Prompt: Using the records below, filter out every line that lacks "blocks" and copy the rest.

*** Begin section ***

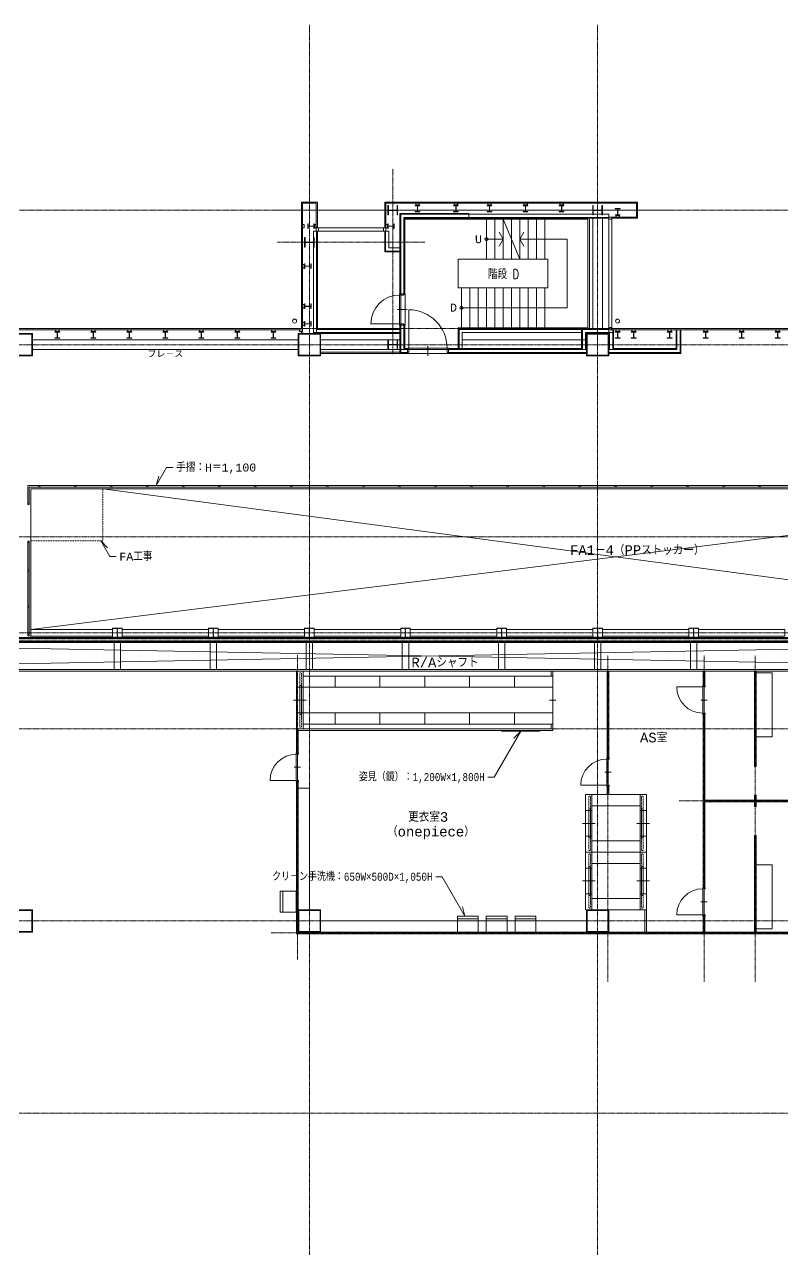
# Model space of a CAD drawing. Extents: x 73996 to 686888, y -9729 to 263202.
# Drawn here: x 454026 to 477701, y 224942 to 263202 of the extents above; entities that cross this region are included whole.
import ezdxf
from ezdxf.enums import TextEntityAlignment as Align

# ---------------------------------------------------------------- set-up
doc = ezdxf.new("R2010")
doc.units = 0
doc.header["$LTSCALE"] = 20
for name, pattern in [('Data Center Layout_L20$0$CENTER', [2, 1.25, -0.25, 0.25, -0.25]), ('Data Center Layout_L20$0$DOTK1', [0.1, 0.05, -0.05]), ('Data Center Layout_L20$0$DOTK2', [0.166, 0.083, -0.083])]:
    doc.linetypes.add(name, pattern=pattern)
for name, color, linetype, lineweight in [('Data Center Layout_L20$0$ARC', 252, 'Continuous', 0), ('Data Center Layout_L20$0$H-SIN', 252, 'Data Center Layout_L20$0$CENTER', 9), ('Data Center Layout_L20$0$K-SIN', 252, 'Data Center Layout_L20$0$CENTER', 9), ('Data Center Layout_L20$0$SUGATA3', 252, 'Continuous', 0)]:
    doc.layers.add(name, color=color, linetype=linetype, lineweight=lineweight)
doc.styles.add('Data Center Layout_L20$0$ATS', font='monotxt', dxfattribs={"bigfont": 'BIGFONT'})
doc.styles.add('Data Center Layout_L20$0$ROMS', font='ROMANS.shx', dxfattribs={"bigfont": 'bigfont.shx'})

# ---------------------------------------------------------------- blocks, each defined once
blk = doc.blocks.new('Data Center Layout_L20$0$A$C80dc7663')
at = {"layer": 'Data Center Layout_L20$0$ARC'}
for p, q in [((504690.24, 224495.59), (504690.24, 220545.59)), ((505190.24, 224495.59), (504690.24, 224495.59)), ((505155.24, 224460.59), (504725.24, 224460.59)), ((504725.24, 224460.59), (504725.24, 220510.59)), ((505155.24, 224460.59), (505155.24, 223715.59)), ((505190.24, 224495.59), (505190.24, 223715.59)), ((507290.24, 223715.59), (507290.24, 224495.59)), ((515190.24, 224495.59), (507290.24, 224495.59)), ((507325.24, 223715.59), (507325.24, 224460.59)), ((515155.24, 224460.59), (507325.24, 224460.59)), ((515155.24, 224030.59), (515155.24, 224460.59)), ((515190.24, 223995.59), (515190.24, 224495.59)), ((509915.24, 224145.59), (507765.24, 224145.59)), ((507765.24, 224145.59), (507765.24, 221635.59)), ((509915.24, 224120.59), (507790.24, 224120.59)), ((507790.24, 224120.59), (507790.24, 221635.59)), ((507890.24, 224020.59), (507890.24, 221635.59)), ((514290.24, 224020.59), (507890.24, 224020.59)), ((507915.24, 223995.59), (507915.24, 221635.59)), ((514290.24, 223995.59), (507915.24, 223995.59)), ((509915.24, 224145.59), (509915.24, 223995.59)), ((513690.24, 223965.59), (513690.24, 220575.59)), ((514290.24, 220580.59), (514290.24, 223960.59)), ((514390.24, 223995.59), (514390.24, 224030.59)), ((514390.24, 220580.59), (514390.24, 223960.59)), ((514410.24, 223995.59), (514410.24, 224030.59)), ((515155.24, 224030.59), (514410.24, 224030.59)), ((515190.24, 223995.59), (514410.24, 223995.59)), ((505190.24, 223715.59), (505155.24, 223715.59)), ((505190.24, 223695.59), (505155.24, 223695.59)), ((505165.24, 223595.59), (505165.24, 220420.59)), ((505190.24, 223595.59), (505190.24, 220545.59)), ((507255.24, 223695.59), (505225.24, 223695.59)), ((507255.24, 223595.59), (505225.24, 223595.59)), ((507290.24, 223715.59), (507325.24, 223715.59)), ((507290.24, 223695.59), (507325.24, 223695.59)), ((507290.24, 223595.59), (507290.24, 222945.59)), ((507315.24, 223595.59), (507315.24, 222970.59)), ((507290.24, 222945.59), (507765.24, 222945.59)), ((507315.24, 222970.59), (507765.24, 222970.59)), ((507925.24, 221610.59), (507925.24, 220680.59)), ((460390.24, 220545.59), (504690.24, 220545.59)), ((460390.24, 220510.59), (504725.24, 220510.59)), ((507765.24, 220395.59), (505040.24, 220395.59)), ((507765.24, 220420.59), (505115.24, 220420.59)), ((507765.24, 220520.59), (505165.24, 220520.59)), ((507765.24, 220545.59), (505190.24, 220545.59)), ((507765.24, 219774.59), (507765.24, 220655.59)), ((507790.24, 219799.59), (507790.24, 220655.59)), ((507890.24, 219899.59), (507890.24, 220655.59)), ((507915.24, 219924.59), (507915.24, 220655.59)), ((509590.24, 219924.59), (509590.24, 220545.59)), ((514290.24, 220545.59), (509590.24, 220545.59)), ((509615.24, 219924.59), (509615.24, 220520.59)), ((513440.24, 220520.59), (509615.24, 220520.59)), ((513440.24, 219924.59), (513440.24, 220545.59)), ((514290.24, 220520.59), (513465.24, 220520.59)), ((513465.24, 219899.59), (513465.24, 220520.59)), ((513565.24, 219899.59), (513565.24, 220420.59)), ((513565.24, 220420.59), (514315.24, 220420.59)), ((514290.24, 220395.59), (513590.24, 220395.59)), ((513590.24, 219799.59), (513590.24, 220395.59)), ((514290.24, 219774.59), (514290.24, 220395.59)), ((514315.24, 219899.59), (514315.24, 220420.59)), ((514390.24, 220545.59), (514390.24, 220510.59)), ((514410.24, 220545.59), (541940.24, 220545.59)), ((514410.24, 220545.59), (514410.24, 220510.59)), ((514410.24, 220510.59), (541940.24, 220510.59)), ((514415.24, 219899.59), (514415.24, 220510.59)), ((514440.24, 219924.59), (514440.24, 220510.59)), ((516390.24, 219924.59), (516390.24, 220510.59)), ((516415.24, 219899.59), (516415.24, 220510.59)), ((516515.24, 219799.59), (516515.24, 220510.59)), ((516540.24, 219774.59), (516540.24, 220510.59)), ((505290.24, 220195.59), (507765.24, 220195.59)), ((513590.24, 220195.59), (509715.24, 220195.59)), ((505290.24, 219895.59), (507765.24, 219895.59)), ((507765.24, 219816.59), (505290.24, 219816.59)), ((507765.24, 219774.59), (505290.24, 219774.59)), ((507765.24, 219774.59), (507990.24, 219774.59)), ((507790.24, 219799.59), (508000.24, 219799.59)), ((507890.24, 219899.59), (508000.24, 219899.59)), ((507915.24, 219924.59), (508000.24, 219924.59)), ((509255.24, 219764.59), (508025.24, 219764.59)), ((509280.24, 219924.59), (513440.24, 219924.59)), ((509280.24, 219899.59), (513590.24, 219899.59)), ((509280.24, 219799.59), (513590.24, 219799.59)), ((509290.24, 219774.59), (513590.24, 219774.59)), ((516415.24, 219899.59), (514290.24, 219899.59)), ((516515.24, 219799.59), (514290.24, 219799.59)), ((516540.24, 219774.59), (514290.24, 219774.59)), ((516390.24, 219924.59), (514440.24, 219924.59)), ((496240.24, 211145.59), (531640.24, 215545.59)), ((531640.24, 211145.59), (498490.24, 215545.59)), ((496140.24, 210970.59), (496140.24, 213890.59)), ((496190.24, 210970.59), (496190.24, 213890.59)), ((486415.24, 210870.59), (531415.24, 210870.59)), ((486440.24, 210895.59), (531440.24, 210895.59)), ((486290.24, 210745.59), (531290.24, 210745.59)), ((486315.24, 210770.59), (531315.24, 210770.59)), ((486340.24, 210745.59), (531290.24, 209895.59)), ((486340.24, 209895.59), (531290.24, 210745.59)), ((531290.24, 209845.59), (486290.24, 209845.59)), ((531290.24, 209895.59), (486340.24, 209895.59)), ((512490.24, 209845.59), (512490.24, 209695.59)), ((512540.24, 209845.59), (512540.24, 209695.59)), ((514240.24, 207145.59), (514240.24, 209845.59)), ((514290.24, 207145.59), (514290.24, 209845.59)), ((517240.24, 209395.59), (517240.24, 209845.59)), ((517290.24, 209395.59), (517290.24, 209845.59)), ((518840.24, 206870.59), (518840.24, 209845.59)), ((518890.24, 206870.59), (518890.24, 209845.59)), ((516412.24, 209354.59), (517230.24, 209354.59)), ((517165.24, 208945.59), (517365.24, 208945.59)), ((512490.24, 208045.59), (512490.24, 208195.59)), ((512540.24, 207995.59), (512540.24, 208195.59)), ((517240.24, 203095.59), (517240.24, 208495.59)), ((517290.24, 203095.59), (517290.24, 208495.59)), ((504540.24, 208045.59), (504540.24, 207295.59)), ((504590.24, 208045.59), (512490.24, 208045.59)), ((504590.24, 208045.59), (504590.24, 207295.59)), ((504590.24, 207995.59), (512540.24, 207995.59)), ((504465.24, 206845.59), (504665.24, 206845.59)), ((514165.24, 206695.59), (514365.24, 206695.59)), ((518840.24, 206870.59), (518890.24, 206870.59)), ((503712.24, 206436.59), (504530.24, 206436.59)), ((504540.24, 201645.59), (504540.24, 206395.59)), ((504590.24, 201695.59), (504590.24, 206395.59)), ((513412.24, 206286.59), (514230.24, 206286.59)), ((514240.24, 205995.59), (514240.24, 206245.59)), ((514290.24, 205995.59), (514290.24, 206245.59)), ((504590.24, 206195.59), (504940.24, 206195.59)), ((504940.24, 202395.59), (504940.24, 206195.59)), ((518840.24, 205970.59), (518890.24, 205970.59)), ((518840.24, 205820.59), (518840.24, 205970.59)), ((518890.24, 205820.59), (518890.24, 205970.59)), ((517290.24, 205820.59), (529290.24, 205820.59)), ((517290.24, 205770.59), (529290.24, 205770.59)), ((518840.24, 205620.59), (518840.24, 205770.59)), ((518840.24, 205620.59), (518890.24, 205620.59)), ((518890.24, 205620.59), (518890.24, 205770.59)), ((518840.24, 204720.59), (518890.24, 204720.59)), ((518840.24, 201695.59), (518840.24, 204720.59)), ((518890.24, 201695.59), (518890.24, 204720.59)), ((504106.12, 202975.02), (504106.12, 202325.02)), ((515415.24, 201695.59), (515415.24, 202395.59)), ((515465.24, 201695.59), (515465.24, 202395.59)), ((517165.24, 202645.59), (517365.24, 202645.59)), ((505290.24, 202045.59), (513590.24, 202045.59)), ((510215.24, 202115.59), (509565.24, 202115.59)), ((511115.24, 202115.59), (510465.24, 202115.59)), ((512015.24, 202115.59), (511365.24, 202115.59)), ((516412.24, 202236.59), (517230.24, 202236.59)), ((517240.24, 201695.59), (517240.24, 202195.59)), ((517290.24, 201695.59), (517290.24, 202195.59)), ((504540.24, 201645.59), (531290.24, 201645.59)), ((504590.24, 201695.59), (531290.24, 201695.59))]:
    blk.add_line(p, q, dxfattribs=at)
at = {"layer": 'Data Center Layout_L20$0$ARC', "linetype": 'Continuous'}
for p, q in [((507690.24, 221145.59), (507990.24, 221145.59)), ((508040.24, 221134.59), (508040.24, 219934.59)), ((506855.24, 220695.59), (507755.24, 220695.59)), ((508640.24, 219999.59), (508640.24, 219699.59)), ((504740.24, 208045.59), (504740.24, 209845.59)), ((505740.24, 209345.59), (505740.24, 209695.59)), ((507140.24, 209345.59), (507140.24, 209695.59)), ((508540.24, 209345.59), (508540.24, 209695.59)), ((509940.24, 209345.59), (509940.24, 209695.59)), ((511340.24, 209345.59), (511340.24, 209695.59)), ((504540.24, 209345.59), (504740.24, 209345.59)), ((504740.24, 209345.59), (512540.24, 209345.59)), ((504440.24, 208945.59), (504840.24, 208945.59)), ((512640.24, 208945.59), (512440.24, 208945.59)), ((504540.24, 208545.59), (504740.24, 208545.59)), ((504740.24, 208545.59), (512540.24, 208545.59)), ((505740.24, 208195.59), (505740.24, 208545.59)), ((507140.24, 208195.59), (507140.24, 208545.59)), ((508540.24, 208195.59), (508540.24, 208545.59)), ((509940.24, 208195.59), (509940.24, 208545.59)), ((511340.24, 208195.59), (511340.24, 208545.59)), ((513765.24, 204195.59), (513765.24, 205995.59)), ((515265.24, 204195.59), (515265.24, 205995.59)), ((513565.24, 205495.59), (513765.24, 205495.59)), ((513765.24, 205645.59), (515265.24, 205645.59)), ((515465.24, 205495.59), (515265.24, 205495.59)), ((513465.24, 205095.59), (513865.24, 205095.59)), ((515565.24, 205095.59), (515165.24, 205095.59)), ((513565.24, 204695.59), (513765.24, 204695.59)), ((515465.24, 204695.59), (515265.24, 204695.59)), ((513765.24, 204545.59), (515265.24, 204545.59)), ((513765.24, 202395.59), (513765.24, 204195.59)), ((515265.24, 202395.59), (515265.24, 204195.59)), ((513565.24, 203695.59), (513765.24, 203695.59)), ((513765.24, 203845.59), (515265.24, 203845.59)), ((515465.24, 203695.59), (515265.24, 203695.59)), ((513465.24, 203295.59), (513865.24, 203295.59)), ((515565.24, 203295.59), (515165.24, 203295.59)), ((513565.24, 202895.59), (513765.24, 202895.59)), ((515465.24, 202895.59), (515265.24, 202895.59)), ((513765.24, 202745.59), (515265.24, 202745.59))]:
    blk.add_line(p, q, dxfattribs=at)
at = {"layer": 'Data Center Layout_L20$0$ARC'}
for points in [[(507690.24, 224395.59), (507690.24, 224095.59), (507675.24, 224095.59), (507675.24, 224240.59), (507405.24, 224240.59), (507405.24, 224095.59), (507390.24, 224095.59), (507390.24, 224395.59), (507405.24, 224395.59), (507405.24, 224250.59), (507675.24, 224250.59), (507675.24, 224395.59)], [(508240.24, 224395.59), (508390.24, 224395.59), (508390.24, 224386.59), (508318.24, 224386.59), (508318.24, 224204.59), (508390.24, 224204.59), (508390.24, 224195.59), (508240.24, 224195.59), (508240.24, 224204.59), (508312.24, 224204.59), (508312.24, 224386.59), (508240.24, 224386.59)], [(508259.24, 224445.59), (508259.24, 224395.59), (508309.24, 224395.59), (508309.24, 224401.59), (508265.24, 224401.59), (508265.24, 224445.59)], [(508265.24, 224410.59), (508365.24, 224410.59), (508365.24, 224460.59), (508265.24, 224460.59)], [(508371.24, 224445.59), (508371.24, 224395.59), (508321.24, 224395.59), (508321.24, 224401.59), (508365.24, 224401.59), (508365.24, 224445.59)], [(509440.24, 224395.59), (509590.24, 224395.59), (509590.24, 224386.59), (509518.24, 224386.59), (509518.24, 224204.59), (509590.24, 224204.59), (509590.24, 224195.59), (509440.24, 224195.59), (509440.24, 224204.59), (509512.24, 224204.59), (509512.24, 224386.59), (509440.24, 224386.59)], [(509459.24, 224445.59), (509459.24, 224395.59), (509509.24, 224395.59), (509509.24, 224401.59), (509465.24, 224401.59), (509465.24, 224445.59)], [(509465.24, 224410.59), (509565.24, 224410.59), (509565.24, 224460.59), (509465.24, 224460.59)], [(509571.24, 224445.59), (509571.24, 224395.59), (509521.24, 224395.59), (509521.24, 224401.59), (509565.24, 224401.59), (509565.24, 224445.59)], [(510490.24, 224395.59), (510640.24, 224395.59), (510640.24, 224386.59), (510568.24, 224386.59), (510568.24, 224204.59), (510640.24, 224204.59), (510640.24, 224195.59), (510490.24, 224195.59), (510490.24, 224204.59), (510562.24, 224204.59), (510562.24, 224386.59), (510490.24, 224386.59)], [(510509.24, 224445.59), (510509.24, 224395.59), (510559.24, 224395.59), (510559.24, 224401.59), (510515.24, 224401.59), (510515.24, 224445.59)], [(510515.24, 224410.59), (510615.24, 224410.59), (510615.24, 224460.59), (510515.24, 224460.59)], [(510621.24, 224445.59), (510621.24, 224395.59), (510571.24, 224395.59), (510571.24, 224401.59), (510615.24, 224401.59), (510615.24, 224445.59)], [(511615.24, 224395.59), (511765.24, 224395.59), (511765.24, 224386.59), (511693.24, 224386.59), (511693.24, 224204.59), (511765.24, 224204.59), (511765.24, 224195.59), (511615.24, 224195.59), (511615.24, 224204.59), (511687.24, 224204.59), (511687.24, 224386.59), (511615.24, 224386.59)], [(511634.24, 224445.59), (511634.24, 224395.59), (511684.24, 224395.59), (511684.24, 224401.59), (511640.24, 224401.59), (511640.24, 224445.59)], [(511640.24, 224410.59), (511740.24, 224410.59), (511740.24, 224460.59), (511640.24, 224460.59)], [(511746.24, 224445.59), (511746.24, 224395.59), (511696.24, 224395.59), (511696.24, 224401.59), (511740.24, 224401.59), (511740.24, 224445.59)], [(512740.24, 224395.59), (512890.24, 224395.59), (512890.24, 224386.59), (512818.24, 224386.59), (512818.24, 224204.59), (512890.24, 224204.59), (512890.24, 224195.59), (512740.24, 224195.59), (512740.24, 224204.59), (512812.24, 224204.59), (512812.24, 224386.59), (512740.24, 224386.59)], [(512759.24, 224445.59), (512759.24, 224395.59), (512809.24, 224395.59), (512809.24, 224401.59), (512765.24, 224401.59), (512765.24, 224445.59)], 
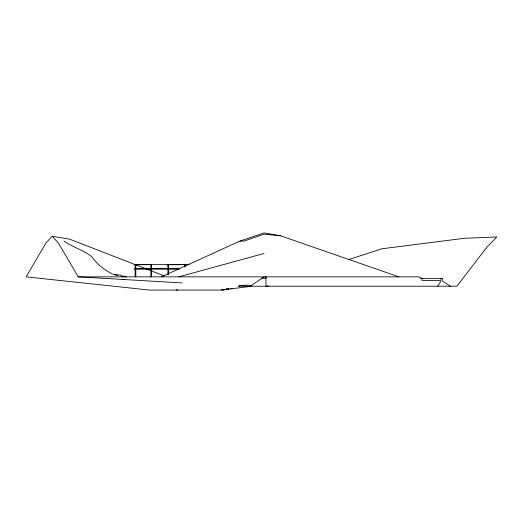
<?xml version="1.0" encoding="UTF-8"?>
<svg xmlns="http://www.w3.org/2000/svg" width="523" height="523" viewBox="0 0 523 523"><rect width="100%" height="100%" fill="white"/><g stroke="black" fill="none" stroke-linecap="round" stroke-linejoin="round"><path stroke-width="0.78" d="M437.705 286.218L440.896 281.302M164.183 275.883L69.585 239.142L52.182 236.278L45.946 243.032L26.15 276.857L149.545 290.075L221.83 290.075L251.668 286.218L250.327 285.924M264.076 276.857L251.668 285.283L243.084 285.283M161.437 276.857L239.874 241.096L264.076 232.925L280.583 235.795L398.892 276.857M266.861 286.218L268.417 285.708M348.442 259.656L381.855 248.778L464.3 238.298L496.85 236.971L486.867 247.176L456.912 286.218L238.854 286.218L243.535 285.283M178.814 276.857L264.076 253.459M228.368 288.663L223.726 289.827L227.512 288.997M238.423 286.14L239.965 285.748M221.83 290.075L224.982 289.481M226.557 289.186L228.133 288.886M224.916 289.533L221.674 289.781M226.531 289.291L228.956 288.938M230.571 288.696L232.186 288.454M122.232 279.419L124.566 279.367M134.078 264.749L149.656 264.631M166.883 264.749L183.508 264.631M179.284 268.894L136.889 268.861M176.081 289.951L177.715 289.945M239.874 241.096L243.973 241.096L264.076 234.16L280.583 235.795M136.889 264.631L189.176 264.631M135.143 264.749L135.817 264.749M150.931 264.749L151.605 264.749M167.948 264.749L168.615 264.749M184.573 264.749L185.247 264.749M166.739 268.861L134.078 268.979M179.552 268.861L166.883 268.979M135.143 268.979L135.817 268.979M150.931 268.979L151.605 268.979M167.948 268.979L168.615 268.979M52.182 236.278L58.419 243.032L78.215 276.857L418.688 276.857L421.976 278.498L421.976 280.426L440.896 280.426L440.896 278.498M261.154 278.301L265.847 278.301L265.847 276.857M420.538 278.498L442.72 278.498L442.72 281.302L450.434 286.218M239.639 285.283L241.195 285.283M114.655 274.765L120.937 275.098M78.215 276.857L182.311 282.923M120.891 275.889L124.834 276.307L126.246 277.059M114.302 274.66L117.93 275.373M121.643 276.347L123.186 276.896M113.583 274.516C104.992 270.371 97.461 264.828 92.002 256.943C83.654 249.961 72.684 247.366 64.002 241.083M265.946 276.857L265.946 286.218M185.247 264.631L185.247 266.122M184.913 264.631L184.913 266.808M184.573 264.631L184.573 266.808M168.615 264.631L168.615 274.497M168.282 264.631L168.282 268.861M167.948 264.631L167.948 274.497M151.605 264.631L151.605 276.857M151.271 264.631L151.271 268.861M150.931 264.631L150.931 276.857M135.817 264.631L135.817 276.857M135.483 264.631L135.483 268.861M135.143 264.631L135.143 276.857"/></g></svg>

*** End section ***

Final answer:
# ---------------------------------------------------------------- blocks, each defined once
blk = doc.blocks.new('Data Center Layout_L20$0$A$C80dc7663')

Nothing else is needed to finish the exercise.